1) Try to increase the number of layers by inserting new layers:
   
   tf.keras.layers.Dense(units = NumberOfNeurons, activation='LeakyReLU').

2) Try to increase the number of neurons per layer by increasing the parameter units:

   tf.keras.layers.Dense(units = NumberOfNeurons, activation='LeakyReLU').

3) Try to insert regularization layers, e.g.

   tf.keras.layers.Dropout(.2),

   tf.keras.layers.BatchNormalization() or others.

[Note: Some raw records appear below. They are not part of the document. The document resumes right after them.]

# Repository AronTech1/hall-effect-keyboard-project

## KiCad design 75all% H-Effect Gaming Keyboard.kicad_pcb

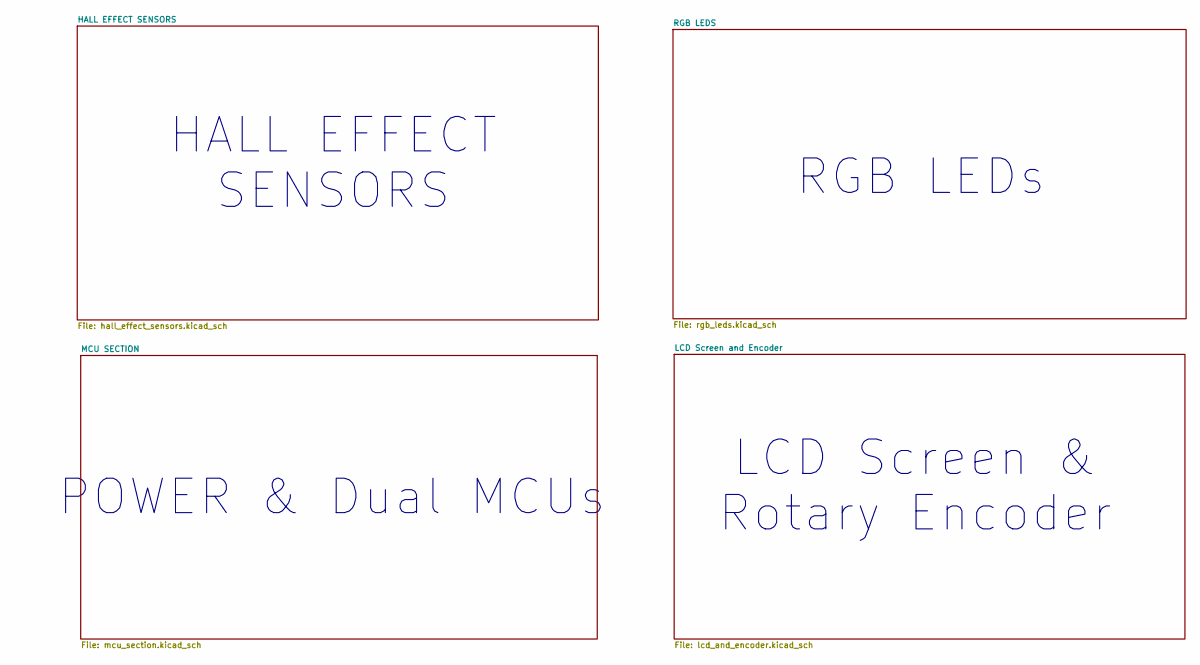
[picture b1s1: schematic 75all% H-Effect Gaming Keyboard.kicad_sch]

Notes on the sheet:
LCD Screen & Rotary Encoder
HALL EFFECT SENSORS
POWER & Dual MCUs
RGB LEDs

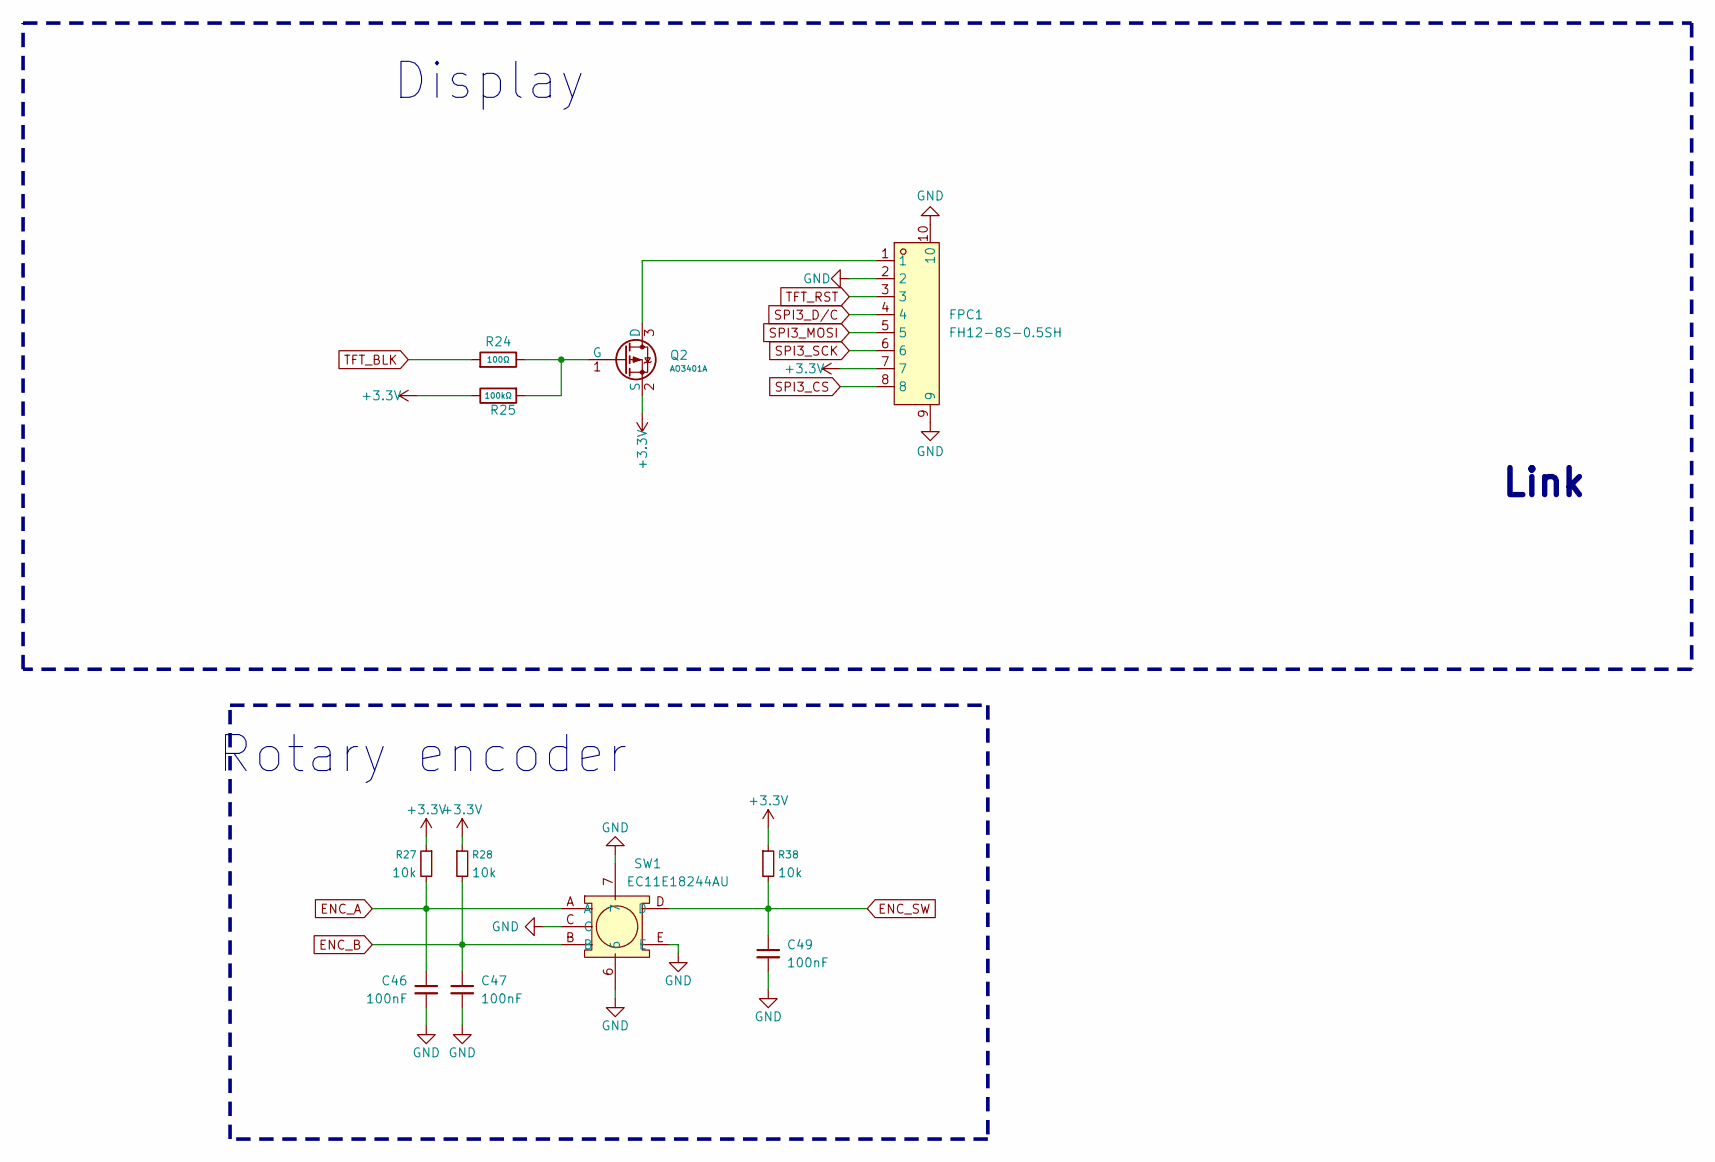
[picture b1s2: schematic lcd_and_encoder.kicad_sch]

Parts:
C46, C47, C49: 100nF; C_0402_1005Metric; JLCPCB Part # C307331
FPC1: FH12-8S-0.5SH; FPC-SMD_8P-P0.50_FH12S-8S-0.5SH-55; MPN FH12-8S-0.5SH(55); LCSC Part C597995
Q2: AO3401A; Q_SOT-23; Part AO3401A; LCSC C15127
R24: 100Ω; R_0603; Overload Voltage (Max) 75V; Tolerance ±1%; Part 0603WAF1000T5E; LCSC C22775
R25: 100kΩ; R_0603; Overload Voltage (Max) 75V; Tolerance ±1%; Part 0603WAF1003T5E; LCSC C25803
R27, R28, R38: 10k; R_0402_1005Metric; JLCPCB Part # C173683
SW1: EC11E18244AU; SW-TH_EC11XXXXXXXX; MPN EC11E18244AU; JLCPCB Part # C202365

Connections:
+3.3V: FPC1.7, Q2.2 (S), R25.2, R27.1, R28.1, R38.1; also elsewhere on the board
ENC_A: C46.1, R27.2, SW1.A; also elsewhere on the board
ENC_B: C47.1, R28.2, SW1.B; also elsewhere on the board
ENC_SW: C49.1, R38.2, SW1.D; also elsewhere on the board
GND: C46.2, C47.2, C49.2, FPC1.2, FPC1.9, FPC1.10, SW1.6, SW1.7, SW1.C, SW1.E; also elsewhere on the board
unnamed: FPC1.1, Q2.3 (D)
unnamed: Q2.1 (G), R24.2, R25.1
SPI3_CS: FPC1.8; also elsewhere on the board
SPI3_D/C: FPC1.4; also elsewhere on the board
SPI3_MOSI: FPC1.5; also elsewhere on the board
SPI3_SCK: FPC1.6; also elsewhere on the board
TFT_BLK: R24.1; also elsewhere on the board
TFT_RST: FPC1.3; also elsewhere on the board

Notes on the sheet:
Link
Display
Rotary encoder

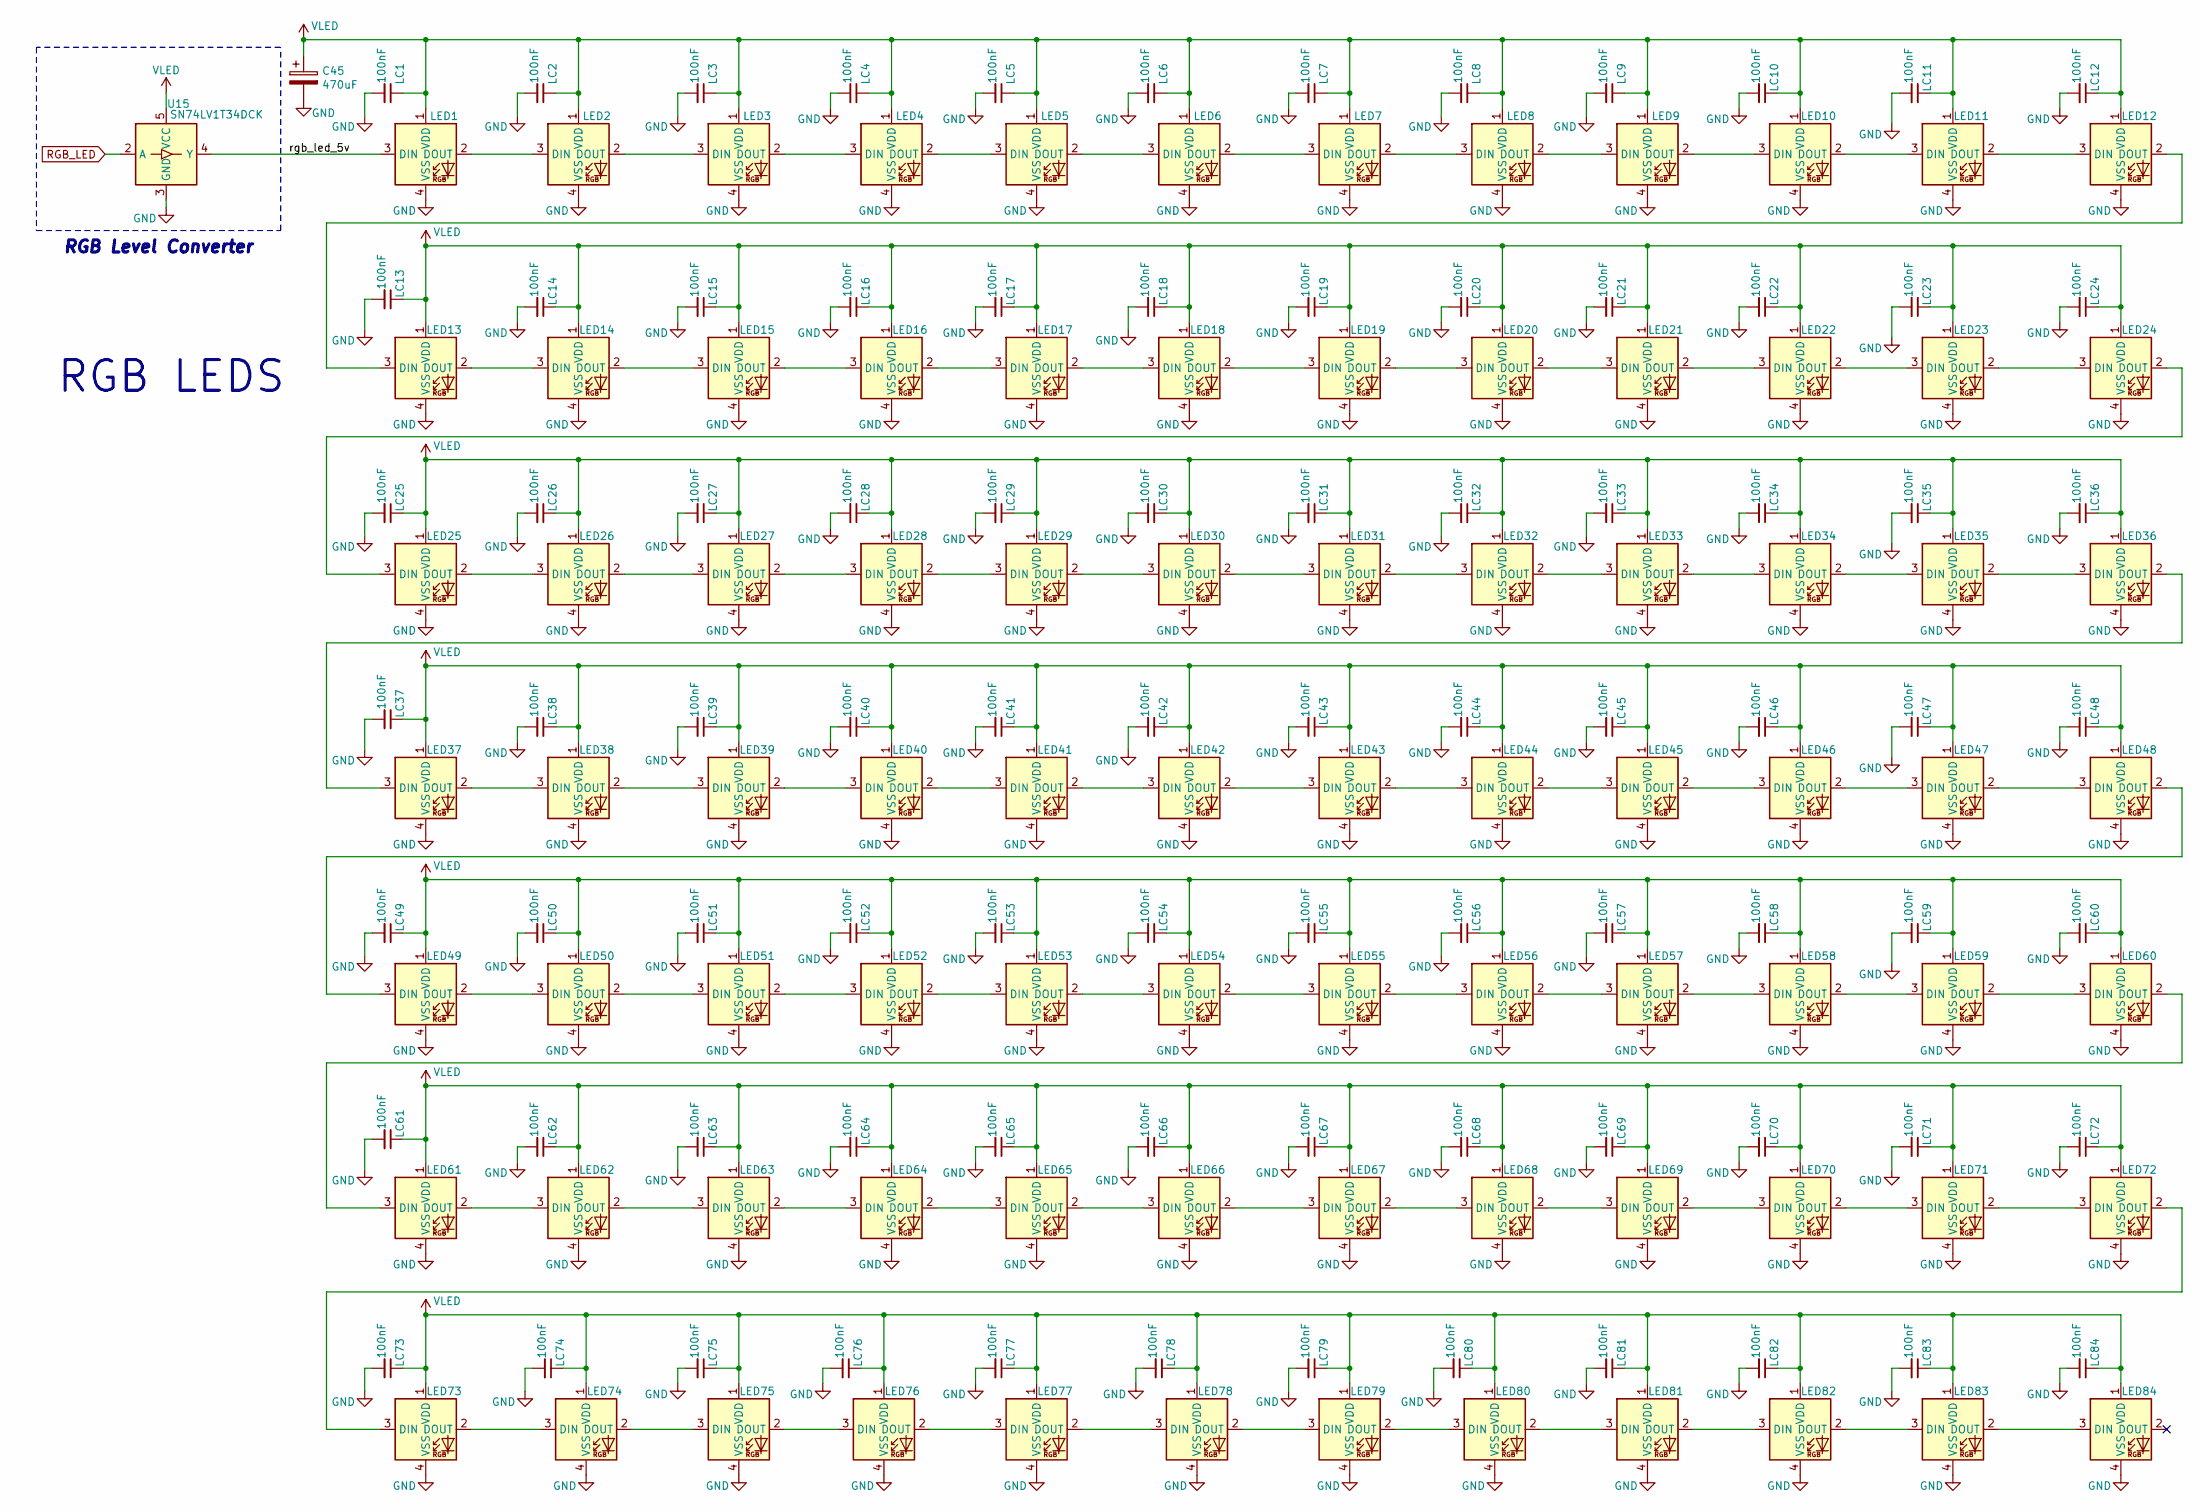
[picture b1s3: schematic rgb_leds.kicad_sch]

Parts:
C45: 470uF; CP_EIA-7343-31_Kemet-D; MFR.Part # TAJD477K006RNJ; JLCPCB Part # C7229
LC1, LC2, LC3, LC4, LC5, LC6, LC7, LC8, LC9, LC10, LC11, LC12, LC13, LC14, LC15, LC16, LC17, LC18, LC19, LC20, LC21, LC22, LC23, LC24, LC25, LC26, LC27, LC28, LC29, LC30, LC31, LC32, LC33, LC34, LC35, LC36, LC37, LC38, LC39, LC40, LC41, LC42, LC43, LC44, LC45, LC46, LC47, LC48, LC49, LC50, LC51, LC52, LC53, LC54, LC55, LC56, LC57, LC58, LC59, LC60, LC61, LC62, LC63, LC64, LC65, LC66, LC67, LC68, LC69, LC70, LC71, LC72, LC73, LC74, LC75, LC76, LC77, LC78, LC79, LC80, LC81, LC82, LC83, LC84: 100nF; C_0402_1005Metric; LCSC C1525
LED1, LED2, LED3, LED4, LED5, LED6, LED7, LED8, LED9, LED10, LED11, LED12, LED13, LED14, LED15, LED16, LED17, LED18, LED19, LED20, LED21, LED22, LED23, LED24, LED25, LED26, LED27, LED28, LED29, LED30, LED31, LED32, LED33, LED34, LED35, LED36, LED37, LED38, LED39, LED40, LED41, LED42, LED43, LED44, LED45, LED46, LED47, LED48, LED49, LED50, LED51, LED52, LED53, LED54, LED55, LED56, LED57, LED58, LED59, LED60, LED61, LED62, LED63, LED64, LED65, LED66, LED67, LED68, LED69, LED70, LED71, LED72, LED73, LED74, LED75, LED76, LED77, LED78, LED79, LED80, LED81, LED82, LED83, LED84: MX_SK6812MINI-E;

4) Try to modify the dense layers with weight regularizers, as shown in the following:

    tf.keras.layers.Dense(
    units=NumberOfNeurons,
    kernel_regularizer=regularizers.L1L2(l1=1e-5, l2=1e-4),
    bias_regularizer=regularizers.L2(1e-4),
    activity_regularizer=regularizers.L2(1e-5)
)

## Exam preparation

1) Can you invert a linear operation $y_j=T\cdot x_i=sum_{i=0}^{I-1}T(j,i)\cdot x_i$ for $0\leq j<J$? Yes, if $I=J$ and if the matrix $T$ is invertible. Otherwise, only the pseudo inverse can be used for inverting the linear operation.

2) Is the evaluation of the MFCC a linear operation?